GIVEN DATA:
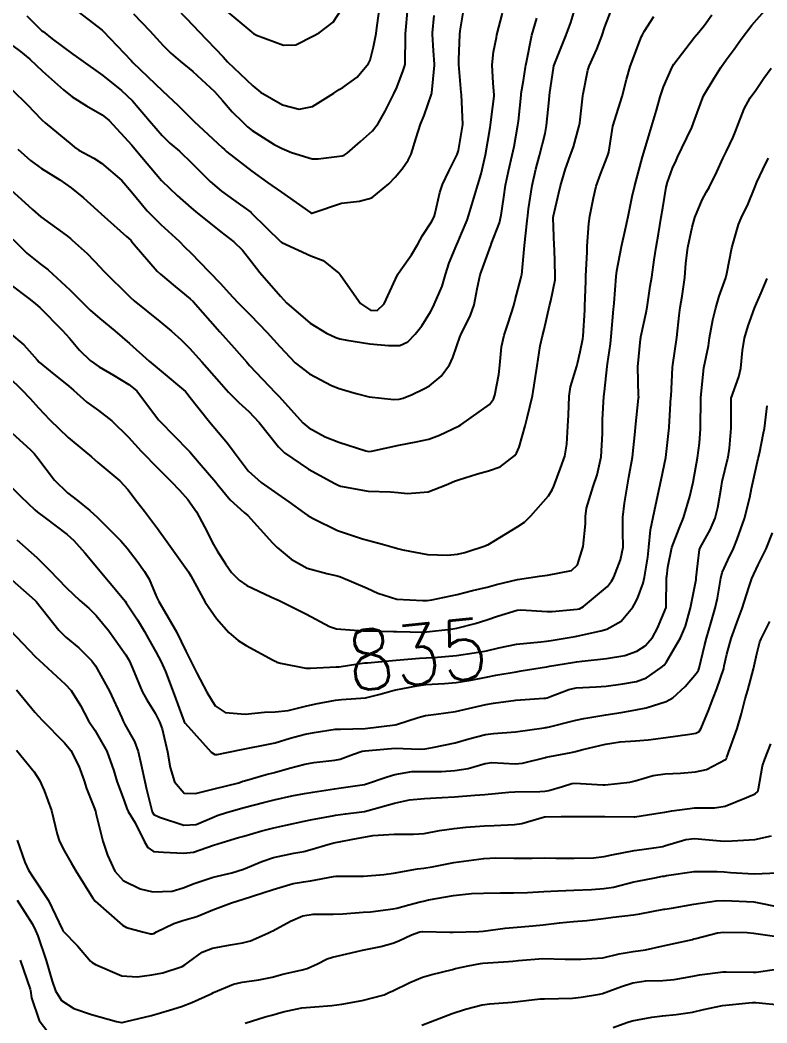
# Model space of a CAD drawing. Header units: metres. Extents: x 307586 to 320046, y 7427249 to 7434250.
# Drawn here: x 319564.1 to 319613.8, y 7429348.9 to 7429415.7 of the extents above; entities that cross this region are included whole.
import ezdxf
from ezdxf.enums import TextEntityAlignment as Align

# ---------------------------------------------------------------- set-up
doc = ezdxf.new("R2010")
doc.units = ezdxf.units.M
doc.header["$MEASUREMENT"] = 0
for name, color, linetype in [('Cotas', 45, 'Continuous'), ('Curvas de Nivel 1m', 11, 'Continuous'), ('Curvas de Nivel 5m', 15, 'Continuous')]:
    doc.layers.add(name, color=color, linetype=linetype)
doc.styles.add('Style-STANDARD', font='STANDARD.shx')

msp = doc.modelspace()

# ---------------------------------------------------------------- linework, layer by layer
at = {"layer": 'Curvas de Nivel 1m', "flags": 128}
for points, elevation in [([(319574.063, 7429417.004), (319575.658, 7429415.35), (319576.017, 7429414.976), (319577.636, 7429413.273), (319577.787, 7429413.111), (319577.932, 7429412.956), (319579.609, 7429411.336), (319580.121, 7429410.925), (319581.595, 7429410.082), (319582.692, 7429409.799), (319583.594, 7429409.979), (319585.014, 7429410.869), (319585.368, 7429411.102), (319585.608, 7429411.231), (319586.555, 7429411.914), (319587.316, 7429412.843), (319587.416, 7429413.061), (319587.644, 7429413.954), (319587.823, 7429414.837), (319587.848, 7429415.03), (319588.077, 7429416.834)], 824), ([(319577.676, 7429416.473), (319579.538, 7429414.932), (319579.594, 7429414.873), (319579.652, 7429414.827), (319579.862, 7429414.717), (319581.644, 7429414.05), (319582.475, 7429414.071), (319583.651, 7429414.675), (319584.031, 7429414.884), (319584.953, 7429415.581), (319585.681, 7429416.721)], 823), ([(319563.411, 7429394.908), (319564.38, 7429394.093), (319565.25, 7429393.102), (319565.391, 7429392.951), (319566.129, 7429392.345), (319567.367, 7429391.344), (319567.67, 7429391.075), (319568.564, 7429390.271), (319569.35, 7429389.721), (319570.238, 7429389.041), (319571.327, 7429387.949), (319572.179, 7429387.021), (319573.306, 7429385.866), (319574.185, 7429384.997), (319574.729, 7429384.428), (319575.281, 7429383.797), (319575.854, 7429382.974), (319576.578, 7429381.642), (319576.914, 7429380.963), (319577.237, 7429380.38), (319577.785, 7429379.509), (319578.192, 7429378.945), (319578.695, 7429378.416), (319579.214, 7429378.067), (319580.815, 7429377.306), (319581.205, 7429377.127), (319581.357, 7429377.06), (319581.724, 7429376.902), (319583.192, 7429376.171), (319584.71, 7429375.335), (319585.178, 7429375.176), (319586.966, 7429375.052), (319587.176, 7429375.046), (319588.976, 7429375.013), (319589.176, 7429375.007), (319590.999, 7429374.968), (319591.176, 7429374.975), (319592.781, 7429375.164), (319593.18, 7429375.234), (319594.403, 7429375.53), (319595.188, 7429375.774), (319595.896, 7429376.029), (319597.199, 7429376.437), (319597.455, 7429376.46), (319599.198, 7429376.334), (319599.545, 7429376.34), (319601.2, 7429376.485), (319601.352, 7429376.516), (319601.616, 7429376.664), (319603.217, 7429378.014), (319603.495, 7429378.363), (319603.642, 7429378.636), (319604.094, 7429379.772), (319604.26, 7429380.63), (319604.243, 7429381.646), (319604.249, 7429382.63), (319604.358, 7429383.554), (319604.522, 7429384.628), (319604.647, 7429385.282), (319604.883, 7429386.624), (319605.053, 7429388.336), (319605.076, 7429388.624), (319605.287, 7429390.546), (319605.296, 7429390.621), (319605.293, 7429390.692), (319605.241, 7429392.622), (319605.411, 7429394.474), (319605.436, 7429394.597), (319605.438, 7429394.62), (319605.794, 7429396.26), (319605.855, 7429396.616), (319606.068, 7429398.003), (319606.167, 7429398.613), (319606.325, 7429399.761), (319606.454, 7429400.61), (319606.606, 7429401.5), (319606.797, 7429402.607), (319606.899, 7429403.226), (319607.123, 7429404.604), (319607.204, 7429404.937), (319607.552, 7429405.862), (319607.779, 7429406.377), (319607.884, 7429406.595), (319608.177, 7429407.199), (319608.822, 7429408.581), (319609.039, 7429409.13), (319609.564, 7429410.571), (319609.614, 7429410.672), (319610.327, 7429411.862), (319610.769, 7429412.559), (319611.12, 7429413.074), (319611.645, 7429413.794), (319611.966, 7429414.23), (319612.19, 7429414.545), (319612.826, 7429415.378), (319613.68, 7429416.335)], 834), ([(319563.448, 7429398.144), (319564.781, 7429397.11), (319565.153, 7429396.827), (319565.428, 7429396.581), (319566.923, 7429395.085), (319567.408, 7429394.539), (319568.077, 7429393.747), (319568.79, 7429393.059), (319569.387, 7429392.63), (319570.346, 7429392.072), (319571.369, 7429391.465), (319571.896, 7429391.025), (319573.344, 7429389.11), (319573.382, 7429389.048), (319573.416, 7429389.009), (319574.371, 7429388.032), (319575.324, 7429387.069), (319575.409, 7429386.979), (319576.05, 7429386.234), (319577.144, 7429384.961), (319577.291, 7429384.765), (319578.104, 7429383.771), (319579.042, 7429382.933), (319579.27, 7429382.723), (319580.922, 7429380.913), (319581.24, 7429380.596), (319582.154, 7429379.818), (319583.226, 7429379.225), (319584.528, 7429378.867), (319585.221, 7429378.712), (319585.44, 7429378.639), (319587.213, 7429377.895), (319587.939, 7429377.557), (319589.206, 7429377.155), (319590.92, 7429377.078), (319591.206, 7429377.077), (319591.529, 7429377.108), (319593.21, 7429377.475), (319594.237, 7429377.726), (319595.215, 7429377.962), (319595.822, 7429378.129), (319597.22, 7429378.473), (319598.69, 7429378.698), (319599.224, 7429378.756), (319600.833, 7429379.068), (319601.231, 7429379.457), (319601.604, 7429380.665), (319601.751, 7429382.177), (319601.751, 7429382.663), (319601.827, 7429383.211), (319602.257, 7429384.656), (319602.521, 7429385.435), (319602.8, 7429386.648), (319602.887, 7429388.203), (319602.877, 7429388.655), (319602.879, 7429389.123), (319602.984, 7429390.654), (319603.027, 7429390.995), (319603.207, 7429392.652), (319603.223, 7429392.823), (319603.408, 7429394.172), (319603.461, 7429394.649), (319603.617, 7429396.471), (319603.639, 7429396.647), (319603.668, 7429396.87), (319603.796, 7429398.645), (319603.841, 7429399.019), (319604.154, 7429400.64), (319604.397, 7429401.739), (319604.597, 7429402.634), (319604.871, 7429403.974), (319605.009, 7429404.628), (319605.117, 7429405.049), (319605.541, 7429406.62), (319605.564, 7429406.695), (319606.014, 7429408.18), (319606.149, 7429408.614), (319606.479, 7429409.727), (319606.721, 7429410.609), (319606.94, 7429411.286), (319607.517, 7429412.601), (319607.557, 7429412.677), (319607.635, 7429412.793), (319609.02, 7429414.579), (319609.302, 7429414.931), (319609.665, 7429415.393), (319610.155, 7429416.086)], 833), ([(319563.526, 7429404.395), (319564.198, 7429403.798), (319564.945, 7429403.109), (319565.506, 7429402.629), (319567.177, 7429401.393), (319567.484, 7429401.17), (319567.597, 7429401.078), (319568.586, 7429400.175), (319569.465, 7429399.256), (319569.657, 7429399.048), (319571.445, 7429397.264), (319571.71, 7429397.027), (319573.423, 7429395.653), (319574.203, 7429394.998), (319574.85, 7429394.431), (319575.402, 7429393.886), (319576.222, 7429392.972), (319577.373, 7429391.664), (319578.002, 7429390.95), (319578.674, 7429390.258), (319579.35, 7429389.654), (319580.043, 7429388.923), (319581.327, 7429387.298), (319581.717, 7429386.906), (319583.307, 7429385.816), (319585.066, 7429384.862), (319585.292, 7429384.756), (319585.456, 7429384.694), (319587.288, 7429384.342), (319588.773, 7429384.303), (319589.288, 7429384.274), (319589.902, 7429384.188), (319591.288, 7429384.298), (319592.477, 7429384.772), (319593.038, 7429385.022), (319593.298, 7429385.108), (319594.56, 7429385.496), (319595.307, 7429385.697), (319596.071, 7429385.972), (319597.055, 7429386.723), (319597.169, 7429386.877), (319597.329, 7429387.282), (319597.731, 7429388.714), (319597.87, 7429389.234), (319598.22, 7429390.707), (319598.387, 7429391.696), (319598.531, 7429392.703), (319598.745, 7429394.038), (319598.892, 7429394.698), (319599.002, 7429395.114), (319599.369, 7429396.691), (319599.446, 7429397.036), (319599.725, 7429398.423), (319599.742, 7429398.687), (319599.683, 7429400.485), (319599.675, 7429400.688), (319599.611, 7429402.589), (319599.618, 7429402.689), (319599.988, 7429404.226), (319600.096, 7429404.684), (319600.419, 7429405.812), (319600.734, 7429406.678), (319600.953, 7429407.292), (319601.343, 7429408.672), (319601.382, 7429408.875), (319601.58, 7429410.67), (319601.584, 7429410.689), (319601.605, 7429410.816), (319601.905, 7429412.391), (319601.998, 7429412.666), (319602.517, 7429413.788), (319602.842, 7429414.658), (319603.048, 7429415.27), (319603.582, 7429416.651)], 831), ([(319563.642, 7429414.015), (319564.15, 7429413.634), (319564.776, 7429413.113), (319565.621, 7429412.332), (319567.017, 7429411.086), (319567.598, 7429410.619), (319568.533, 7429410.007), (319569.587, 7429409.416), (319570.06, 7429409.045), (319571.567, 7429407.399), (319571.88, 7429407.027), (319573.533, 7429405.043), (319573.565, 7429405.01), (319574.583, 7429404.054), (319575.515, 7429403.218), (319575.798, 7429402.977), (319577.493, 7429401.624), (319578.35, 7429400.947), (319578.932, 7429400.393), (319579.471, 7429399.7), (319580.071, 7429398.924), (319581.447, 7429397.33), (319581.854, 7429396.906), (319583.423, 7429395.55), (319584.506, 7429394.874), (319585.137, 7429394.591), (319585.409, 7429394.499), (319585.864, 7429394.399), (319587.406, 7429394.168), (319588.634, 7429394.05), (319589.405, 7429394.055), (319589.923, 7429394.289), (319590.415, 7429394.8), (319590.854, 7429395.364), (319591.435, 7429396.287), (319591.606, 7429396.623), (319591.688, 7429396.788), (319592.223, 7429398.015), (319592.44, 7429398.78), (319592.681, 7429399.568), (319593.187, 7429400.773), (319593.276, 7429400.982), (319593.494, 7429401.514), (319593.868, 7429402.404), (319593.991, 7429402.763), (319594.181, 7429403.422), (319594.59, 7429404.754), (319594.808, 7429405.487), (319595.088, 7429406.747), (319595.41, 7429408.571), (319595.434, 7429408.742), (319595.595, 7429409.979), (319595.683, 7429410.658), (319595.685, 7429410.739), (319595.615, 7429411.517), (319595.552, 7429412.741), (319595.642, 7429413.603), (319595.825, 7429414.564), (319595.864, 7429414.738), (319596.227, 7429416.183)], 828), ([(319564.565, 7429416.019), (319565.469, 7429415.103), (319565.567, 7429415.016), (319565.651, 7429414.955), (319566.263, 7429414.477), (319567.637, 7429413.452), (319567.849, 7429413.291), (319568.16, 7429413.072), (319569.618, 7429412.037), (319570.879, 7429411.037), (319571.596, 7429410.35), (319572.732, 7429409.019), (319573.573, 7429408.033), (319574.095, 7429407.529), (319574.721, 7429406.993), (319575.551, 7429406.188), (319576.768, 7429404.968), (319577.527, 7429404.339), (319578.336, 7429403.763), (319579.474, 7429402.931), (319579.512, 7429402.897), (319580.498, 7429401.92), (319581.484, 7429400.956), (319581.539, 7429400.909), (319583.474, 7429400.025), (319584.301, 7429399.708), (319585.331, 7429398.862), (319585.4, 7429398.799), (319585.462, 7429398.722), (319586.777, 7429396.847), (319587.436, 7429396.396), (319587.885, 7429396.384), (319588.353, 7429396.826), (319589.117, 7429398.472), (319589.265, 7429398.813), (319589.466, 7429399.104), (319590.181, 7429400.098), (319590.585, 7429400.799), (319590.909, 7429401.379), (319591.505, 7429402.284), (319591.675, 7429402.624), (319591.724, 7429402.788), (319592.061, 7429404.251), (319592.244, 7429404.783), (319592.663, 7429405.662), (319593.212, 7429406.774), (319593.299, 7429407.039), (319593.583, 7429408.77), (319593.491, 7429410.771), (319593.484, 7429410.892), (319593.328, 7429412.773), (319593.318, 7429413.092), (319593.385, 7429414.773), (319593.412, 7429415.017), (319593.681, 7429416.616)], 827), ([(319567.675, 7429416.53), (319569.574, 7429415.051), (319569.618, 7429415.016), (319569.652, 7429414.985), (319571.505, 7429413.031), (319571.631, 7429412.904), (319573.603, 7429411.01), (319574.639, 7429410.04), (319575.584, 7429409.112), (319575.715, 7429408.979), (319577.566, 7429407.251), (319577.716, 7429407.11), (319577.893, 7429406.955), (319579.544, 7429405.673), (319580.593, 7429404.919), (319581.526, 7429404.261), (319583.468, 7429402.89), (319583.513, 7429402.865), (319583.537, 7429402.866), (319583.607, 7429402.889), (319585.52, 7429403.526), (319586.709, 7429403.661), (319587.523, 7429403.896), (319588.665, 7429404.823), (319589.087, 7429405.27), (319589.548, 7429405.822), (319589.957, 7429406.406), (319590.152, 7429406.804), (319590.482, 7429407.893), (319590.775, 7429408.798), (319591.008, 7429409.377), (319591.509, 7429410.791), (319591.523, 7429410.872), (319591.618, 7429411.79), (319591.701, 7429412.72), (319591.698, 7429412.789), (319591.642, 7429413.672), (319591.57, 7429414.791), (319591.571, 7429414.874), (319591.672, 7429416.03)], 826), ([(319563.602, 7429411.086), (319564.589, 7429410.111), (319565.549, 7429409.101), (319565.582, 7429409.069), (319565.794, 7429408.884), (319567.558, 7429407.411), (319567.745, 7429407.266), (319568.04, 7429407.073), (319569.03, 7429406.533), (319569.55, 7429406.207), (319570.89, 7429405.036), (319571.526, 7429404.296), (319572.576, 7429403.019), (319573.499, 7429402.115), (319574.7, 7429400.992), (319575.097, 7429400.603), (319575.475, 7429400.23), (319576.695, 7429398.968), (319577.455, 7429398.172), (319578.042, 7429397.545), (319578.601, 7429396.943), (319579.43, 7429396.093), (319580.572, 7429394.918), (319581.404, 7429393.98), (319582.434, 7429392.9), (319583.382, 7429392.17), (319584.844, 7429391.395), (319585.368, 7429391.196), (319586.487, 7429390.849), (319587.361, 7429390.644), (319589, 7429390.456), (319589.36, 7429390.473), (319589.625, 7429390.542), (319590.224, 7429390.801), (319591, 7429391.163), (319591.372, 7429391.367), (319592.154, 7429392.01), (319592.706, 7429392.777), (319592.92, 7429393.253), (319593.412, 7429394.679), (319593.451, 7429394.769), (319594.109, 7429396.084), (319594.346, 7429396.756), (319594.535, 7429397.835), (319594.742, 7429398.751), (319595.446, 7429400.704), (319595.458, 7429400.74), (319595.467, 7429400.756), (319595.484, 7429400.803), (319596.02, 7429402.22), (319596.139, 7429402.734), (319596.317, 7429403.94), (319596.437, 7429404.731), (319596.621, 7429405.655), (319596.873, 7429406.727), (319596.998, 7429407.297), (319597.262, 7429408.723), (319597.305, 7429409.004), (319597.464, 7429410.721), (319597.481, 7429410.845), (319597.618, 7429411.705), (319597.762, 7429412.586), (319597.79, 7429412.718), (319597.832, 7429412.914), (319598.185, 7429414.712), (319598.523, 7429415.855)], 829), ([(319563.631, 7429401.128), (319564.564, 7429400.204), (319565.467, 7429399.499), (319565.992, 7429399.095), (319567.443, 7429397.761), (319568.123, 7429397.07), (319568.783, 7429396.416), (319569.421, 7429395.851), (319570.417, 7429395.04), (319571.405, 7429394.189), (319572.72, 7429393.017), (319573.385, 7429392.465), (319575.123, 7429390.984), (319575.238, 7429390.858), (319575.36, 7429390.692), (319576.726, 7429388.966), (319577.336, 7429388.254), (319577.929, 7429387.551), (319578.37, 7429386.944), (319579.305, 7429385.708), (319580.163, 7429384.921), (319581.285, 7429384.143), (319582.015, 7429383.634), (319583.045, 7429382.883), (319583.271, 7429382.723), (319583.622, 7429382.522), (319585.256, 7429381.74), (319586.904, 7429381.187), (319587.247, 7429381.098), (319588.254, 7429380.825), (319589.027, 7429380.599), (319589.24, 7429380.532), (319589.606, 7429380.439), (319591.236, 7429380.144), (319592.563, 7429380.097), (319593.237, 7429380.157), (319593.723, 7429380.27), (319595.134, 7429380.741), (319595.213, 7429380.77), (319595.244, 7429380.785), (319596.461, 7429381.521), (319597.262, 7429381.999), (319597.688, 7429382.292), (319598.11, 7429382.707), (319599.286, 7429384.045), (319599.54, 7429384.438), (319599.647, 7429384.686), (319600.101, 7429385.892), (319600.389, 7429386.679), (319600.518, 7429387.491), (319600.577, 7429388.678), (319600.623, 7429389.405), (319600.661, 7429390.677), (319600.746, 7429391.302), (319601.169, 7429392.672), (319601.218, 7429392.848), (319601.403, 7429393.631), (319601.576, 7429394.504), (319601.597, 7429394.668), (319601.707, 7429396.399), (319601.719, 7429396.667), (319601.778, 7429398.348), (319601.786, 7429398.667), (319601.859, 7429400.286), (319601.877, 7429400.666), (319601.985, 7429402.186), (319602.053, 7429402.665), (319602.29, 7429403.897), (319602.463, 7429404.661), (319602.747, 7429405.456), (319603.226, 7429406.653), (319603.298, 7429406.92), (319603.583, 7429408.65), (319604.187, 7429410.641), (319604.481, 7429411.776), (319604.736, 7429412.633), (319605.381, 7429414.354), (319605.486, 7429414.622), (319605.539, 7429414.737), (319605.658, 7429414.962), (319606.312, 7429415.975)], 832), ([(319563.333, 7429388.46), (319564.814, 7429387.107), (319565.062, 7429386.855), (319565.307, 7429386.55), (319566.417, 7429385.089), (319567.285, 7429384.249), (319567.942, 7429383.732), (319568.76, 7429383.058), (319569.266, 7429382.598), (319570.83, 7429381.034), (319571.238, 7429380.562), (319571.908, 7429379.698), (319572.402, 7429379.012), (319572.702, 7429378.495), (319573.206, 7429377.317), (319573.352, 7429376.999), (319573.572, 7429376.622), (319574.528, 7429374.986), (319575.16, 7429373.7), (319575.5, 7429372.977), (319575.876, 7429372.239), (319576.542, 7429370.966), (319577.114, 7429370.059), (319577.773, 7429369.613), (319579.109, 7429369.506), (319580.391, 7429369.636), (319581.11, 7429369.666), (319581.955, 7429369.741), (319583.114, 7429370.026), (319583.796, 7429370.193), (319585.119, 7429370.435), (319585.504, 7429370.471), (319587.12, 7429370.592), (319588.091, 7429370.825), (319588.875, 7429371.066), (319589.128, 7429371.125), (319590.535, 7429371.393), (319591.133, 7429371.471), (319592.36, 7429371.547), (319593.136, 7429371.615), (319594.113, 7429371.775), (319595.141, 7429371.976), (319595.78, 7429372.097), (319597.147, 7429372.33), (319597.478, 7429372.385), (319599.152, 7429372.651), (319599.184, 7429372.659), (319599.356, 7429372.688), (319600.893, 7429372.936), (319601.156, 7429372.978), (319601.525, 7429373.033), (319603.159, 7429373.216), (319604.369, 7429373.419), (319605.164, 7429373.689), (319605.722, 7429374.06), (319606.209, 7429374.61), (319606.553, 7429375.236), (319607.118, 7429376.601), (319607.129, 7429376.675), (319607.155, 7429378.601), (319607.16, 7429378.664), (319607.23, 7429379.281), (319607.494, 7429380.596), (319607.98, 7429381.872), (319608.271, 7429382.585), (319608.697, 7429383.989), (319608.841, 7429384.577), (319608.921, 7429384.953), (319609.218, 7429386.572), (319609.333, 7429387.553), (319609.399, 7429388.513), (319609.405, 7429388.569), (319609.434, 7429390.508), (319609.435, 7429390.569), (319609.602, 7429392.356), (319609.638, 7429392.568), (319609.931, 7429394.041), (319610.006, 7429394.564), (319610.228, 7429395.765), (319610.424, 7429396.56), (319610.661, 7429397.348), (319611.086, 7429398.554), (319611.164, 7429398.857), (319611.493, 7429400.55), (319611.943, 7429402.111), (319612.119, 7429402.544), (319612.584, 7429403.478), (319613.001, 7429404.535), (319613.152, 7429404.921), (319613.552, 7429405.774), (319613.807, 7429406.279), (319613.944, 7429406.524)], 836), ([(319563.29, 7429384.883), (319564.162, 7429383.997), (319565.102, 7429383.103), (319565.271, 7429382.959), (319565.789, 7429382.571), (319567.249, 7429381.461), (319567.688, 7429381.073), (319568.424, 7429380.251), (319569.225, 7429379.281), (319569.418, 7429379.048), (319570.573, 7429377.666), (319571.11, 7429377.031), (319571.192, 7429376.925), (319571.942, 7429375.776), (319572.391, 7429375.012), (319572.67, 7429374.51), (319573.16, 7429373.662), (319573.509, 7429372.996), (319573.797, 7429372.34), (319574.319, 7429370.988), (319575.017, 7429369.068), (319575.053, 7429368.981), (319575.102, 7429368.891), (319576.838, 7429366.962), (319577.081, 7429366.81), (319577.234, 7429366.804), (319577.892, 7429366.948), (319579.085, 7429367.182), (319580.534, 7429367.47), (319581.09, 7429367.599), (319582.092, 7429367.894), (319583.096, 7429368.164), (319583.701, 7429368.269), (319585.099, 7429368.491), (319585.443, 7429368.513), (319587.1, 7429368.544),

EXERCISE AIM: Look over the listing. Pull out every line with the string "import" in it.

RESULT FOR THIS EXERCISE:
import ezdxf
from ezdxf.enums import TextEntityAlignment as Align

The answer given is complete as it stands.